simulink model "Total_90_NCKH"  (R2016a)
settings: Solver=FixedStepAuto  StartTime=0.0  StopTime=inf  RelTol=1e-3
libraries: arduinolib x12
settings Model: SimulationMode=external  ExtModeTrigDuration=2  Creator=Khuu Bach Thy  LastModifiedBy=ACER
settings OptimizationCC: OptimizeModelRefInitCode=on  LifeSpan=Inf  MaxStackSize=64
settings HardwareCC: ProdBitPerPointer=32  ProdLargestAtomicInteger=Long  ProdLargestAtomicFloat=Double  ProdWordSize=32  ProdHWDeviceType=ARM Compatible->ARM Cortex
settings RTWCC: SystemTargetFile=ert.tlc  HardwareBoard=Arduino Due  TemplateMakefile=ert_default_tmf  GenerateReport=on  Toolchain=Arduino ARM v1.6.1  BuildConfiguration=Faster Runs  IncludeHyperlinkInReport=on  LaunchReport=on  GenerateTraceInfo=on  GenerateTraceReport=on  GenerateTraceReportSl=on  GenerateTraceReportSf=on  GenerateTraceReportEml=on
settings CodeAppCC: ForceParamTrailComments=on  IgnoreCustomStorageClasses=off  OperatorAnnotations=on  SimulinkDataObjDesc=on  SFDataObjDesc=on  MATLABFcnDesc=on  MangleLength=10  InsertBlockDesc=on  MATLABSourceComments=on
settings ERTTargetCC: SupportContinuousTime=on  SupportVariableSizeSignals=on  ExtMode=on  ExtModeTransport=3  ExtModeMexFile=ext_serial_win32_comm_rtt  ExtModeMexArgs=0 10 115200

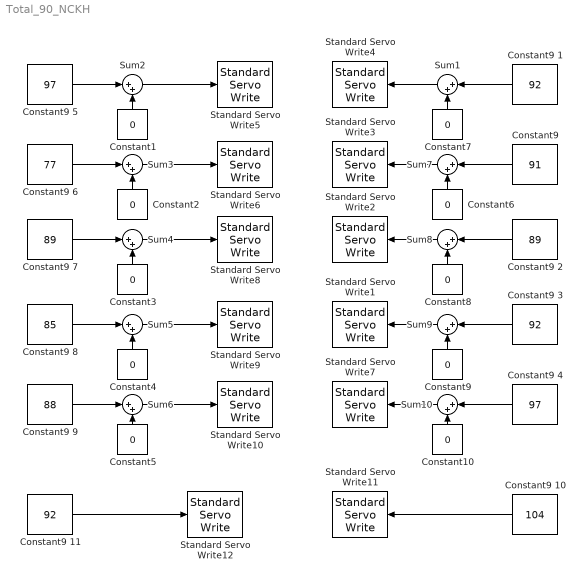
== system Total_90_NCKH ==
  Constant{1..10} (10 alike) : Constant  Value=0
  "Constant9 " : Constant  Value=91
  Constant9 1 : Constant  Value=92
  Constant9 10 : Constant  Value=104
  Constant9 11 : Constant  Value=92
  Constant9 2 : Constant  Value=89
  Constant9 3 : Constant  Value=92
  Constant9 4 : Constant  Value=97
  Constant9 5 : Constant  Value=97
  Constant9 6 : Constant  Value=77
  Constant9 7 : Constant  Value=89
  Constant9 8 : Constant  Value=85
  Constant9 9 : Constant  Value=88
  Standard Servo Write1 : arduinolib/Standard Servo Write  pinNumber=3  blockPlatform=arduino
  Standard Servo Write10 : arduinolib/Standard Servo Write  pinNumber=11  blockPlatform=arduino
  Standard Servo Write11 : arduinolib/Standard Servo Write  pinNumber=12  blockPlatform=arduino
  Standard Servo Write12 : arduinolib/Standard Servo Write  pinNumber=13  blockPlatform=arduino
  Standard Servo Write2 : arduinolib/Standard Servo Write  pinNumber=4  blockPlatform=arduino
  Standard Servo Write3 : arduinolib/Standard Servo Write  pinNumber=5  blockPlatform=arduino
  Standard Servo Write4 : arduinolib/Standard Servo Write  pinNumber=6  blockPlatform=arduino
  Standard Servo Write5 : arduinolib/Standard Servo Write  pinNumber=7  blockPlatform=arduino
  Standard Servo Write6 : arduinolib/Standard Servo Write  pinNumber=8  blockPlatform=arduino
  Standard Servo Write7 : arduinolib/Standard Servo Write  pinNumber=2  blockPlatform=arduino
  Standard Servo Write8 : arduinolib/Standard Servo Write  pinNumber=9  blockPlatform=arduino
  Standard Servo Write9 : arduinolib/Standard Servo Write  pinNumber=10  blockPlatform=arduino
  Sum{1..10} (10 alike) : Sum  Inputs=|++
  wires:
  Constant9 10/1 -> Standard Servo Write11/1
  Constant9 11/1 -> Standard Servo Write12/1
  Constant9 1/1 -> Sum1/1
  Sum1/1 -> Standard Servo Write4/1
  Sum2/1 -> Standard Servo Write5/1
  Constant9 5/1 -> Sum2/1
  Sum3/1 -> Standard Servo Write6/1
  Sum4/1 -> Standard Servo Write8/1
  Sum5/1 -> Standard Servo Write9/1
  Sum6/1 -> Standard Servo Write10/1
  Constant9 6/1 -> Sum3/1
  Constant9 7/1 -> Sum4/1
  Constant9 8/1 -> Sum5/1
  Constant9 9/1 -> Sum6/1
  Constant1/1 -> Sum2/2
  Constant2/1 -> Sum3/2
  Constant3/1 -> Sum4/2
  Constant5/1 -> Sum6/2
  Constant6/1 -> Sum7/2
  Constant7/1 -> Sum1/2
  "Constant9 "/1 -> Sum7/1
  Sum7/1 -> Standard Servo Write3/1
  Constant9 2/1 -> Sum8/1
  Sum8/1 -> Standard Servo Write2/1
  Constant8/1 -> Sum8/2
  Constant9 3/1 -> Sum9/1
  Sum9/1 -> Standard Servo Write1/1
  Constant9/1 -> Sum9/2
  Constant9 4/1 -> Sum10/1
  Sum10/1 -> Standard Servo Write7/1
  Constant10/1 -> Sum10/2
  Constant4/1 -> Sum5/2
• • • • • • •
## ABOUT THIS EXERCISE
Quote the line that contains "Sum10/1 -> Standard Servo Write7/1" and each line after it through the end of the data, exactly, leaving out everything else.

## EXERCISE OUTPUT
  Sum10/1 -> Standard Servo Write7/1
  Constant10/1 -> Sum10/2
  Constant4/1 -> Sum5/2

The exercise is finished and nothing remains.